Pengertian

Fartison Vial merupakan obat produksi Pratapa Nirmala yang memiliki isi kandungan hydrokortison,Fartison merupakan obat keras yang penggunaannya harus dengan resep Dokter dan di konsultasikan oleh Dokter terlebih dahulu. Hydrokortison di gunakan untuk pengobatan Gangguan endokrin, rematik, penyakit kolagen, gangguan kulit alergi, alergi akut & kronis yang terkait dengan mata & penglihatan, gangguan hematologis (gangguan pada darah) ,gangguan neoplastik , edematous (pembengkakan) gangguan pencernaan, obat darurat, meningitis TB trikinosis (penyakit yang disebabkan oleh infeksi cacing parasit nematoda yang hidup di usus babi dan hewan lainnya).

Keterangan

  • Golongan: Keras
  • Kategori: Hormon Kortikosteroid
  • Bentuk: Serbuk Injeksi
  • Kandungan : Hydrokortinson 100mg/vial
  • Satuan Penjualan: Vial
  • Kemasan :Dus, 2 Vial @ 100mg
  • Farmasi: Pratapa Nirmala.

Kegunaan

Sebagai pengobatan Gangguan endokrin, rematik, penyakit kolagen, gangguan kulit alergi, alergi akut & kronis yang terkait dengan mata & penglihatan, gangguan hematologis (gangguan pada darah), gangguan neoplastik, edematous (pembengkakan) gangguan pencernaan, obat darurat,meningitis TB trikinosis (penyakit yang disebabkan oleh infeksi cacing parasit nematoda yang hidup di usus babi dan hewan lainnya).

Dosis & Cara Penggunaan

Fartison merupakan obat yang termasuk ke dalam golongan obat keras sehingga pada setiap pembelian nya harus menggunakan resep Dokter. Selain itu, dosis penggunaan fratison juga harus dikonsultasikan dengan Dokter terlebih dahulu sebelum digunakan, karena dosis penggunaan nya berbeda-beda setiap individu tergantung berat tidaknya penyakit yang diderita.

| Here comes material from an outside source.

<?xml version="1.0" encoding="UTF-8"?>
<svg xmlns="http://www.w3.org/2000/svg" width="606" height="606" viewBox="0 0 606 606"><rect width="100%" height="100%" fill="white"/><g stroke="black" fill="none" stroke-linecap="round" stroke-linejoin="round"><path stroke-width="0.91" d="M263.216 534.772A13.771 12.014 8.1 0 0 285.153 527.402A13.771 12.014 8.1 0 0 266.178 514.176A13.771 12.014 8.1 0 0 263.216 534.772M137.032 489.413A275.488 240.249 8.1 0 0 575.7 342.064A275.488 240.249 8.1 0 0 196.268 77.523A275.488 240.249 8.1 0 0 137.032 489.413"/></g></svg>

  • Injeksi IV / IM, infus IV Dewasa
    Awalnya ≥100-500 mg selama 30 detik hingga 10 menit.
    Dapat diulangi pada interval 2, 4 atau 6 jam.
  • Anak & bayi Dosis individual.
    Dosis minimum: 25 mg setiap hari. Maksimal 15 mg / kg.

Efek Samping

Gangguan cairan & elektrolit,gangguan muskuloskeletal (suatu kondisi yang mengganggu fungsi sendi, ligamen, otot, saraf dan tendon, serta tulang belakang) Gangguan pencernaan, gangguan dermatologis (kulit) & metabolisme, gangguan sistem kekebalan tubuh.

Kontraindikasi

  • Tidak boleh di gunakan pada pasien yang memiliki Hipersensitif (reaksi berlebihan, tidak diinginkan karena terlalu senisitifnya respon imun (merusak, menghasilkan ketidaknyamanan, dan terkadang berakibat fatal) yang dihasilkan oleh sistem imun).I
  • Infeksi jamur sistemik, pemberian vaksin hidup atau dilemahkan.

Interaksi Obat
Interakasi terhadap Fenobarb, fenitoin, rifampisin, troleandomycin & ketoconazole yang dapat berakibat tidak diinginkan.

Kategori Kehamilan
Menurut FDA (Badan Pengawas Obat dan Makanan Amerika Serikat) mengkategorikan fartison ke dalam kategori C dengan penjelasan sebagai berikut: Kategori C: Salah satu studi pada hewan telah mengungkapkan efek buruk pada janin (teratogenik atau embriosidal atau lainnya) dan tidak ada studi terkontrol pada wanita atau studi pada wanita dan hewan tidak tersedia. Obat harus diberikan hanya jika manfaat potensial membenarkan potensi risiko pada janin.